Wir sollen bei Streit, Mißgunst, Schwierigkeiten und dergleichen - vom Teufel dazu aufgereizt - nicht dem anderen „heimzahlen" wollen, sondern alles sogleich jedesmal dem Unbefleckten Herzen Mariens anvertrauen. Maria ist stärker als alle Dämonen! Bitten wir die Muttergottes, daß Sie für uns - wie Sie zusammen mit Jesus alles Unrecht und Leid auf Seinem Kreuzweg Gott zur Rettung der Seelen darbrachte - durch Ihr Unbeflecktes Herz auch unser erlittenes Unrecht zusammen mit dem Kostbaren Blut Ihres göttlichen Sohnes zur Rettung jener Seele aufopfert.
Da der höllische Widersacher nichts mehr fürchtet, als irgendetwas zur Ehre Gottes heimtragen, wird er von der Verführung zum Streit und zur Bosheit ablassen und die betreffende Person sich bessern. Ein sehr wirksames Gebet.
+ + + Liebe Muttergottes, bete Du in mir! (Stoßgebet)
+ + + Liebe Muttergottes, wirke Du in mir und durch mich! (Stoßgebet)
+++ Mutter der Barmherzigkeit, zertritt durch Dein Unbeflecktes Herz die Schlange in mir. (Stoßgebet)
+ ++

Täglicher Ruf um Schutz zur Königin der Engel und Besiegerin der Hölle

Hehre Königin des Himmels, höchste Herrin der Engel, Du hast von Anbeginn von Gott die Macht und die Sendung erhalten, den Kopf Satans zu zertreten. Wir bitten Dich demütig: Sende Deine himmlischen Legionen, damit sie unter Deinem Befehle und durch Deine Macht die höllischen Geister verfolgen, sie überall bekämpfen, Ihre Verwegenheit zuschanden machen und sie in den Abgrund zurückstoßen. Erhabene Gottesmutter, schicke Dein unüberwindliches Kriegsheer auch in den Kampf gegen die Sendlinge der Hölle unter den Menschen; zerstöre die Pläne der Gottlosen und beschäme alle, die Übles wollen. Erwirke ihnen die Gnade der Einsicht und Bekehrung, auf daß sie dem Dreieinigen Gott und Dir die Ehre geben. Verhilf überall der Wahrheit und dem Rechte zum Siege.
Mächtige Schutzfrau, durch Deinen flammenden Geister behüte ferner auf der ganzen Erde Deine Heiligtümer und Gnadenstätten. Bewache durch sie die Gotteshäuser, alle heiligen Orte, Gegenstände und Personen, namentlich das Allerheiligste Altarsakrament. Verhindere, daß sie verunehrt, entweiht, beraubt, zerstört oder geschändet werden. Verhindere es, unsere Liebe Frau!
Himmlische Mutter, beschütze endlich auch unser Eigentum, unsere Wohnungen und Familien vor allen Nachstellungen der sichtbaren und unsichtbaren Feinde. Laß Deine heiligen Engel darin walten und Ergebung, Frieden und die Freude des Heiligen Geistes in ihnen herrschen.

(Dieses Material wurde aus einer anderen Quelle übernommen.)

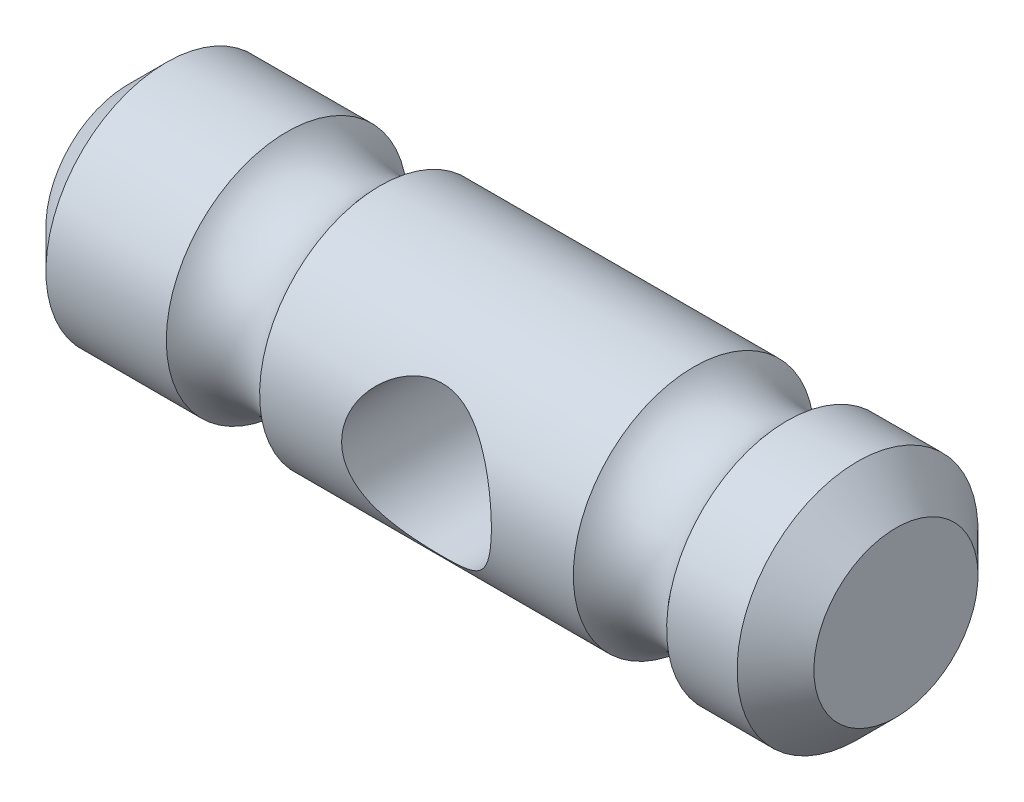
ISO-10303-21;
HEADER;
FILE_DESCRIPTION(('STEP AP214'),'2;1');
FILE_NAME('part.step','',(''),(''),'','','');
FILE_SCHEMA(('AUTOMOTIVE_DESIGN { 1 0 10303 214 1 1 1 1 }'));
ENDSEC;
DATA;
#1=APPLICATION_CONTEXT('core data for automotive mechanical design processes');
#2=APPLICATION_PROTOCOL_DEFINITION('international standard','automotive_design',2000,#1);
#3=PRODUCT_CONTEXT('',#1,'mechanical');
#4=PRODUCT('Part','Part','',(#3));
#5=PRODUCT_RELATED_PRODUCT_CATEGORY('part','',(#4));
#6=PRODUCT_DEFINITION_FORMATION('','',#4);
#7=PRODUCT_DEFINITION_CONTEXT('part definition',#1,'design');
#8=PRODUCT_DEFINITION('design','',#6,#7);
#9=PRODUCT_DEFINITION_SHAPE('','',#8);
#10=(LENGTH_UNIT() NAMED_UNIT(*) SI_UNIT(.MILLI.,.METRE.));
#11=(NAMED_UNIT(*) PLANE_ANGLE_UNIT() SI_UNIT($,.RADIAN.));
#12=(NAMED_UNIT(*) SI_UNIT($,.STERADIAN.) SOLID_ANGLE_UNIT());
#13=UNCERTAINTY_MEASURE_WITH_UNIT(LENGTH_MEASURE(1.E-05),#10,'distance_accuracy_value','');
#14=(GEOMETRIC_REPRESENTATION_CONTEXT(3) GLOBAL_UNCERTAINTY_ASSIGNED_CONTEXT((#13)) GLOBAL_UNIT_ASSIGNED_CONTEXT((#10,
#11,#12)) REPRESENTATION_CONTEXT('',''));
#15=CARTESIAN_POINT('',(0.,0.,0.));
#16=DIRECTION('',(0.,0.,1.));
#17=DIRECTION('',(1.,0.,0.));
#18=AXIS2_PLACEMENT_3D('',#15,#16,#17);
#19=CARTESIAN_POINT('',(0.,0.542925,0.));
#20=DIRECTION('',(1.,0.,0.));
#21=DIRECTION('',(0.,0.,-1.));
#22=AXIS2_PLACEMENT_3D('',#19,#20,#21);
#23=PLANE('',#22);
#24=CARTESIAN_POINT('',(2.27373783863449E-10,0.,0.));
#25=DIRECTION('',(-1.,0.,0.));
#26=DIRECTION('',(0.,-1.,0.));
#27=AXIS2_PLACEMENT_3D('',#24,#25,#26);
#28=CIRCLE('',#27,1.08585000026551);
#29=CARTESIAN_POINT('',(2.27373931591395E-10,-1.08585000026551,0.));
#30=VERTEX_POINT('',#29);
#31=EDGE_CURVE('E18',#30,#30,#28,.T.);
#32=ORIENTED_EDGE('',*,*,#31,.F.);
#33=EDGE_LOOP('',(#32));
#34=FACE_BOUND('',#33,.T.);
#35=ADVANCED_FACE('F15',(#34),#23,.T.);
#36=CARTESIAN_POINT('',(-10.16,0.542925,0.));
#37=DIRECTION('',(-1.,0.,0.));
#38=DIRECTION('',(0.,0.,1.));
#39=AXIS2_PLACEMENT_3D('',#36,#37,#38);
#40=PLANE('',#39);
#41=CARTESIAN_POINT('',(-10.1600000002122,0.,0.));
#42=DIRECTION('',(1.,0.,0.));
#43=DIRECTION('',(0.,0.,-1.));
#44=AXIS2_PLACEMENT_3D('',#41,#42,#43);
#45=CIRCLE('',#44,1.08585000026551);
#46=CARTESIAN_POINT('',(-10.1600000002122,0.,-1.08585000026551));
#47=VERTEX_POINT('',#46);
#48=EDGE_CURVE('E67',#47,#47,#45,.T.);
#49=ORIENTED_EDGE('',*,*,#48,.F.);
#50=EDGE_LOOP('',(#49));
#51=FACE_BOUND('',#50,.T.);
#52=ADVANCED_FACE('F81',(#51),#40,.T.);
#53=CARTESIAN_POINT('',(-0.508000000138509,0.,0.));
#54=DIRECTION('',(-1.,0.,0.));
#55=DIRECTION('',(0.,-1.,0.));
#56=AXIS2_PLACEMENT_3D('',#53,#54,#55);
#57=CONICAL_SURFACE('',#56,1.5938499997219,0.785398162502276);
#58=CARTESIAN_POINT('',(-0.508,0.,0.));
#59=DIRECTION('',(1.,0.,0.));
#60=DIRECTION('',(0.,1.,0.));
#61=AXIS2_PLACEMENT_3D('',#58,#59,#60);
#62=CIRCLE('',#61,1.59385);
#63=CARTESIAN_POINT('',(-0.508,1.59385,0.));
#64=VERTEX_POINT('',#63);
#65=EDGE_CURVE('E69',#64,#64,#62,.F.);
#66=ORIENTED_EDGE('',*,*,#65,.F.);
#67=EDGE_LOOP('',(#66));
#68=FACE_BOUND('',#67,.T.);
#69=ORIENTED_EDGE('',*,*,#31,.T.);
#70=EDGE_LOOP('',(#69));
#71=FACE_BOUND('',#70,.T.);
#72=ADVANCED_FACE('F78',(#68,#71),#57,.T.);
#73=CARTESIAN_POINT('',(-9.6519999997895,0.,0.));
#74=DIRECTION('',(1.,0.,0.));
#75=DIRECTION('',(0.,0.,-1.));
#76=AXIS2_PLACEMENT_3D('',#73,#74,#75);
#77=CONICAL_SURFACE('',#76,1.59384999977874,0.785398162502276);
#78=ORIENTED_EDGE('',*,*,#48,.T.);
#79=EDGE_LOOP('',(#78));
#80=FACE_BOUND('',#79,.T.);
#81=CARTESIAN_POINT('',(-9.652,0.,0.));
#82=DIRECTION('',(1.,0.,0.));
#83=DIRECTION('',(0.,1.,0.));
#84=AXIS2_PLACEMENT_3D('',#81,#82,#83);
#85=CIRCLE('',#84,1.59385);
#86=CARTESIAN_POINT('',(-9.652,1.59385,0.));
#87=VERTEX_POINT('',#86);
#88=EDGE_CURVE('E73',#87,#87,#85,.T.);
#89=ORIENTED_EDGE('',*,*,#88,.F.);
#90=EDGE_LOOP('',(#89));
#91=FACE_BOUND('',#90,.T.);
#92=ADVANCED_FACE('F119',(#80,#91),#77,.T.);
#93=CARTESIAN_POINT('',(-0.97410371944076,0.,0.));
#94=DIRECTION('',(1.,0.,0.));
#95=DIRECTION('',(0.,1.,0.));
#96=AXIS2_PLACEMENT_3D('',#93,#94,#95);
#97=CYLINDRICAL_SURFACE('',#96,1.59385);
#98=CARTESIAN_POINT('',(-1.44020743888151,0.,0.));
#99=DIRECTION('',(1.,0.,0.));
#100=DIRECTION('',(0.,0.,-1.));
#101=AXIS2_PLACEMENT_3D('',#98,#99,#100);
#102=CIRCLE('',#101,1.59385);
#103=CARTESIAN_POINT('',(-1.44020743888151,0.,-1.59385));
#104=VERTEX_POINT('',#103);
#105=EDGE_CURVE('E102',#104,#104,#102,.T.);
#106=ORIENTED_EDGE('',*,*,#105,.T.);
#107=EDGE_LOOP('',(#106));
#108=FACE_BOUND('',#107,.T.);
#109=ORIENTED_EDGE('',*,*,#65,.T.);
#110=EDGE_LOOP('',(#109));
#111=FACE_BOUND('',#110,.T.);
#112=ADVANCED_FACE('F121',(#108,#111),#97,.T.);
#113=CARTESIAN_POINT('',(-8.85569628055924,0.,0.));
#114=DIRECTION('',(1.,0.,0.));
#115=DIRECTION('',(0.,1.,0.));
#116=AXIS2_PLACEMENT_3D('',#113,#114,#115);
#117=CYLINDRICAL_SURFACE('',#116,1.59385);
#118=ORIENTED_EDGE('',*,*,#88,.T.);
#119=EDGE_LOOP('',(#118));
#120=FACE_BOUND('',#119,.T.);
#121=CARTESIAN_POINT('',(-8.05939256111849,0.,0.));
#122=DIRECTION('',(1.,0.,0.));
#123=DIRECTION('',(0.,0.,-1.));
#124=AXIS2_PLACEMENT_3D('',#121,#122,#123);
#125=CIRCLE('',#124,1.59385);
#126=CARTESIAN_POINT('',(-8.05939256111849,0.,-1.59385));
#127=VERTEX_POINT('',#126);
#128=EDGE_CURVE('E35',#127,#127,#125,.F.);
#129=ORIENTED_EDGE('',*,*,#128,.T.);
#130=EDGE_LOOP('',(#129));
#131=FACE_BOUND('',#130,.T.);
#132=ADVANCED_FACE('F99',(#120,#131),#117,.T.);
#133=CARTESIAN_POINT('',(-2.0574,0.,0.));
#134=DIRECTION('',(1.,0.,0.));
#135=DIRECTION('',(0.,0.,-1.));
#136=AXIS2_PLACEMENT_3D('',#133,#134,#135);
#137=TOROIDAL_SURFACE('',#136,2.0828,0.7874);
#138=CARTESIAN_POINT('',(-2.67459256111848,0.,0.));
#139=DIRECTION('',(1.,0.,0.));
#140=DIRECTION('',(0.,1.,0.));
#141=AXIS2_PLACEMENT_3D('',#138,#139,#140);
#142=CIRCLE('',#141,1.59385);
#143=CARTESIAN_POINT('',(-2.67459256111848,1.59385,0.));
#144=VERTEX_POINT('',#143);
#145=EDGE_CURVE('E32',#144,#144,#142,.F.);
#146=ORIENTED_EDGE('',*,*,#145,.F.);
#147=EDGE_LOOP('',(#146));
#148=FACE_BOUND('',#147,.T.);
#149=ORIENTED_EDGE('',*,*,#105,.F.);
#150=EDGE_LOOP('',(#149));
#151=FACE_BOUND('',#150,.T.);
#152=ADVANCED_FACE('F53',(#148,#151),#137,.F.);
#153=CARTESIAN_POINT('',(-4.7498,0.,0.));
#154=DIRECTION('',(0.,0.,1.));
#155=DIRECTION('',(1.,0.,0.));
#156=AXIS2_PLACEMENT_3D('',#153,#154,#155);
#157=CYLINDRICAL_SURFACE('',#156,0.9906);
#158=CARTESIAN_POINT('',(-4.7498,-0.9906,-1.24862703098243));
#159=CARTESIAN_POINT('',(-4.70049975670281,-0.990595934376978,-1.24863340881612));
#160=CARTESIAN_POINT('',(-4.6511194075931,-0.986886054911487,-1.25160128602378));
#161=CARTESIAN_POINT('',(-4.55401445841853,-0.972308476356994,-1.26295395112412));
#162=CARTESIAN_POINT('',(-4.50629485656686,-0.961420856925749,-1.27135381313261));
#163=CARTESIAN_POINT('',(-4.41421149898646,-0.933256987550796,-1.29216471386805));
#164=CARTESIAN_POINT('',(-4.36982276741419,-0.916035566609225,-1.30454121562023));
#165=CARTESIAN_POINT('',(-4.28462127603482,-0.875853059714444,-1.33185147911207));
#166=CARTESIAN_POINT('',(-4.2438085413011,-0.852891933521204,-1.34678525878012));
#167=CARTESIAN_POINT('',(-4.16096992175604,-0.798337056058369,-1.3799141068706));
#168=CARTESIAN_POINT('',(-4.11949957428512,-0.76600265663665,-1.39827913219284));
#169=CARTESIAN_POINT('',(-4.04210133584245,-0.695131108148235,-1.43483212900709));
#170=CARTESIAN_POINT('',(-4.00617823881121,-0.656588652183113,-1.45301993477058));
#171=CARTESIAN_POINT('',(-3.93666606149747,-0.568851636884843,-1.48972625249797));
#172=CARTESIAN_POINT('',(-3.9038613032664,-0.518935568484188,-1.50802734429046));
#173=CARTESIAN_POINT('',(-3.8473781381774,-0.412938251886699,-1.54042185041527));
#174=CARTESIAN_POINT('',(-3.82369078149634,-0.356863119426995,-1.55451938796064));
#175=CARTESIAN_POINT('',(-3.78868319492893,-0.246104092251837,-1.57563995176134));
#176=CARTESIAN_POINT('',(-3.77635705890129,-0.191849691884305,-1.58323283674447));
#177=CARTESIAN_POINT('',(-3.76100063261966,-0.0815704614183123,-1.5927194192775));
#178=CARTESIAN_POINT('',(-3.75796071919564,-0.0255475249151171,-1.59461901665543));
#179=CARTESIAN_POINT('',(-3.76113743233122,0.0786414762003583,-1.59264698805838));
#180=CARTESIAN_POINT('',(-3.76617872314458,0.126863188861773,-1.58950807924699));
#181=CARTESIAN_POINT('',(-3.78311009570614,0.221618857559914,-1.57908649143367));
#182=CARTESIAN_POINT('',(-3.79500069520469,0.268152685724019,-1.57180349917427));
#183=CARTESIAN_POINT('',(-3.82512348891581,0.358524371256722,-1.55368961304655));
#184=CARTESIAN_POINT('',(-3.84337492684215,0.402353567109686,-1.54284795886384));
#185=CARTESIAN_POINT('',(-3.88553767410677,0.486364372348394,-1.51846086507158));
#186=CARTESIAN_POINT('',(-3.90945029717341,0.526545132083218,-1.50491479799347));
#187=CARTESIAN_POINT('',(-3.96557870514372,0.607454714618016,-1.47426308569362));
#188=CARTESIAN_POINT('',(-3.99845589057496,0.64763569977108,-1.45692438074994));
#189=CARTESIAN_POINT('',(-4.06987301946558,0.722260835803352,-1.42141103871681));
#190=CARTESIAN_POINT('',(-4.10842112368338,0.756696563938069,-1.40323522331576));
#191=CARTESIAN_POINT('',(-4.19591564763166,0.82334896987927,-1.36532180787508));
#192=CARTESIAN_POINT('',(-4.24556174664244,0.854711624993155,-1.34568371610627));
#193=CARTESIAN_POINT('',(-4.35061830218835,0.908520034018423,-1.3099603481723));
#194=CARTESIAN_POINT('',(-4.40601787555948,0.930982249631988,-1.29386853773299));
#195=CARTESIAN_POINT('',(-4.50627484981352,0.961230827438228,-1.27147580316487));
#196=CARTESIAN_POINT('',(-4.55011073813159,0.971317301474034,-1.26371571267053));
#197=CARTESIAN_POINT('',(-4.63927995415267,0.985446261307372,-1.25273171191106));
#198=CARTESIAN_POINT('',(-4.68461119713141,0.989496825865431,-1.2495017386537));
#199=CARTESIAN_POINT('',(-4.77557945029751,0.991311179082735,-1.24806326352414));
#200=CARTESIAN_POINT('',(-4.82121690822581,0.989061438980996,-1.24986556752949));
#201=CARTESIAN_POINT('',(-4.9113311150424,0.978395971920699,-1.25822984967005));
#202=CARTESIAN_POINT('',(-4.9558068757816,0.969975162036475,-1.26479575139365));
#203=CARTESIAN_POINT('',(-5.04186842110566,0.947594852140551,-1.28164424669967));
#204=CARTESIAN_POINT('',(-5.08348623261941,0.933715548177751,-1.29187284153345));
#205=CARTESIAN_POINT('',(-5.1639070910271,0.900939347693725,-1.31493990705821));
#206=CARTESIAN_POINT('',(-5.20270912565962,0.882040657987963,-1.32777931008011));
#207=CARTESIAN_POINT('',(-5.28418817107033,0.835650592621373,-1.35754935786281));
#208=CARTESIAN_POINT('',(-5.3262100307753,0.807210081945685,-1.37479450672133));
#209=CARTESIAN_POINT('',(-5.40534468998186,0.744382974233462,-1.40980425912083));
#210=CARTESIAN_POINT('',(-5.44245236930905,0.709990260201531,-1.4275693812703));
#211=CARTESIAN_POINT('',(-5.51658472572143,0.629882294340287,-1.46487125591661));
#212=CARTESIAN_POINT('',(-5.55269509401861,0.583237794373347,-1.48425259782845));
#213=CARTESIAN_POINT('',(-5.61649097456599,0.483362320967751,-1.51971069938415));
#214=CARTESIAN_POINT('',(-5.64418070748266,0.43013466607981,-1.5357891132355));
#215=CARTESIAN_POINT('',(-5.68836614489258,0.321845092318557,-1.56194726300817));
#216=CARTESIAN_POINT('',(-5.70544859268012,0.267100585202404,-1.57233667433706));
#217=CARTESIAN_POINT('',(-5.72991996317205,0.154744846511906,-1.58732751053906));
#218=CARTESIAN_POINT('',(-5.73732194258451,0.097137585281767,-1.59193673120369));
#219=CARTESIAN_POINT('',(-5.74158574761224,-0.0101684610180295,-1.59458735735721));
#220=CARTESIAN_POINT('',(-5.73982580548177,-0.0597969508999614,-1.59348763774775));
#221=CARTESIAN_POINT('',(-5.72897439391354,-0.15792767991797,-1.58676821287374));
#222=CARTESIAN_POINT('',(-5.71988318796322,-0.206429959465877,-1.58114867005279));
#223=CARTESIAN_POINT('',(-5.69524777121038,-0.299432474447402,-1.56615756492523));
#224=CARTESIAN_POINT('',(-5.67991867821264,-0.344011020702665,-1.55691141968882));
#225=CARTESIAN_POINT('',(-5.64345937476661,-0.429931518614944,-1.53540878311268));
#226=CARTESIAN_POINT('',(-5.62232815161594,-0.471272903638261,-1.52315176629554));
#227=CARTESIAN_POINT('',(-5.57241614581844,-0.55423313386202,-1.49509070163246));
#228=CARTESIAN_POINT('',(-5.54306620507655,-0.595428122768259,-1.47904967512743));
#229=CARTESIAN_POINT('',(-5.47877977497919,-0.672609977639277,-1.44558887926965));
#230=CARTESIAN_POINT('',(-5.44383692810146,-0.708590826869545,-1.42816755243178));
#231=CARTESIAN_POINT('',(-5.36361495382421,-0.779605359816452,-1.39082711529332));
#232=CARTESIAN_POINT('',(-5.31757268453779,-0.813779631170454,-1.37090447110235));
#233=CARTESIAN_POINT('',(-5.21959070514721,-0.874004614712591,-1.33331734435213));
#234=CARTESIAN_POINT('',(-5.16765455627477,-0.900060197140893,-1.31565151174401));
#235=CARTESIAN_POINT('',(-5.07081165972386,-0.938253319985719,-1.28858873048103));
#236=CARTESIAN_POINT('',(-5.02688609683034,-0.952193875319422,-1.27822723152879));
#237=CARTESIAN_POINT('',(-4.93682725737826,-0.973877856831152,-1.26178830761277));
#238=CARTESIAN_POINT('',(-4.89070155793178,-0.981641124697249,-1.25569717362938));
#239=CARTESIAN_POINT('',(-4.82847694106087,-0.98759663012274,-1.25100471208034));
#240=CARTESIAN_POINT('',(-4.81277982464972,-0.988721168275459,-1.2501157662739));
#241=CARTESIAN_POINT('',(-4.78132454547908,-0.990223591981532,-1.24892583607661));
#242=CARTESIAN_POINT('',(-4.76556636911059,-0.99060130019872,-1.24862499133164));
#243=CARTESIAN_POINT('',(-4.7498,-0.9906,-1.24862703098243));
#244=B_SPLINE_CURVE_WITH_KNOTS('',3,(#158,#159,#160,#161,#162,#163,#164,#165,#166,#167,#168,
#169,#170,#171,#172,#173,#174,#175,#176,#177,#178,#179,#180,#181,#182,#183,#184,#185,#186,#187,
#188,#189,#190,#191,#192,#193,#194,#195,#196,#197,#198,#199,#200,#201,#202,#203,#204,#205,#206,
#207,#208,#209,#210,#211,#212,#213,#214,#215,#216,#217,#218,#219,#220,#221,#222,#223,#224,#225,
#226,#227,#228,#229,#230,#231,#232,#233,#234,#235,#236,#237,#238,#239,#240,#241,#242,#243),
.UNSPECIFIED.,.T.,.F.,(4,2,2,2,2,2,2,2,2,2,2,2,2,2,2,2,2,2,2,2,2,2,2,2,2,2,2,2,2,2,2,2,2,2,2,2,
2,2,2,2,2,2,4),(0.,0.147828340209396,0.296068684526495,0.443054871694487,0.590042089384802,
0.756501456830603,0.92310388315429,1.10949932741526,1.29571133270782,1.463153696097,
1.63042248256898,1.77548433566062,1.92055715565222,2.06607273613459,2.21162211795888,
2.37518834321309,2.53899229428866,2.72384895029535,2.9083620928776,3.04472588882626,
3.18090700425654,3.31738076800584,3.45396706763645,3.58861741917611,3.72331593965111,
3.88349086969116,4.04383139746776,4.2291617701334,4.41439909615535,4.58817192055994,
4.7617101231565,4.9099707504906,5.05822604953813,5.20175167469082,5.3453023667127,
5.50387799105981,5.66263516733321,5.84392728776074,6.02511044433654,6.16627409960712,
6.30698248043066,6.35424721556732,6.40152317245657),.UNSPECIFIED.);
#245=CARTESIAN_POINT('',(-4.7498,-0.9906,-1.24862703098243));
#246=VERTEX_POINT('',#245);
#247=EDGE_CURVE('E22',#246,#246,#244,.T.);
#248=ORIENTED_EDGE('',*,*,#247,.F.);
#249=EDGE_LOOP('',(#248));
#250=FACE_BOUND('',#249,.T.);
#251=CARTESIAN_POINT('',(-4.7498,-0.9906,1.24862703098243));
#252=CARTESIAN_POINT('',(-4.79910024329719,-0.990595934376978,1.24863340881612));
#253=CARTESIAN_POINT('',(-4.8484805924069,-0.986886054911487,1.25160128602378));
#254=CARTESIAN_POINT('',(-4.94558554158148,-0.972308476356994,1.26295395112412));
#255=CARTESIAN_POINT('',(-4.99330514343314,-0.961420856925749,1.27135381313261));
#256=CARTESIAN_POINT('',(-5.08538850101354,-0.933256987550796,1.29216471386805));
#257=CARTESIAN_POINT('',(-5.12977723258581,-0.916035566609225,1.30454121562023));
#258=CARTESIAN_POINT('',(-5.21497872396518,-0.875853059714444,1.33185147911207));
#259=CARTESIAN_POINT('',(-5.2557914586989,-0.852891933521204,1.34678525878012));
#260=CARTESIAN_POINT('',(-5.33863007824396,-0.798337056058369,1.3799141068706));
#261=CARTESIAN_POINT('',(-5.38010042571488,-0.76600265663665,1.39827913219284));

Wer ist wie Gott? Wer ist wie Du, Maria, Du Königin der Engel und Besiegerin der Hölle? 0 gute und zärtliche Mutter Maria, Du makellose Braut des Königs der reinen Geister, dessen Angesicht sie zu schauen verlangen -, Du wirst immer unsere Liebe und Hoffnung, unser Schutz und Ruhm bleiben!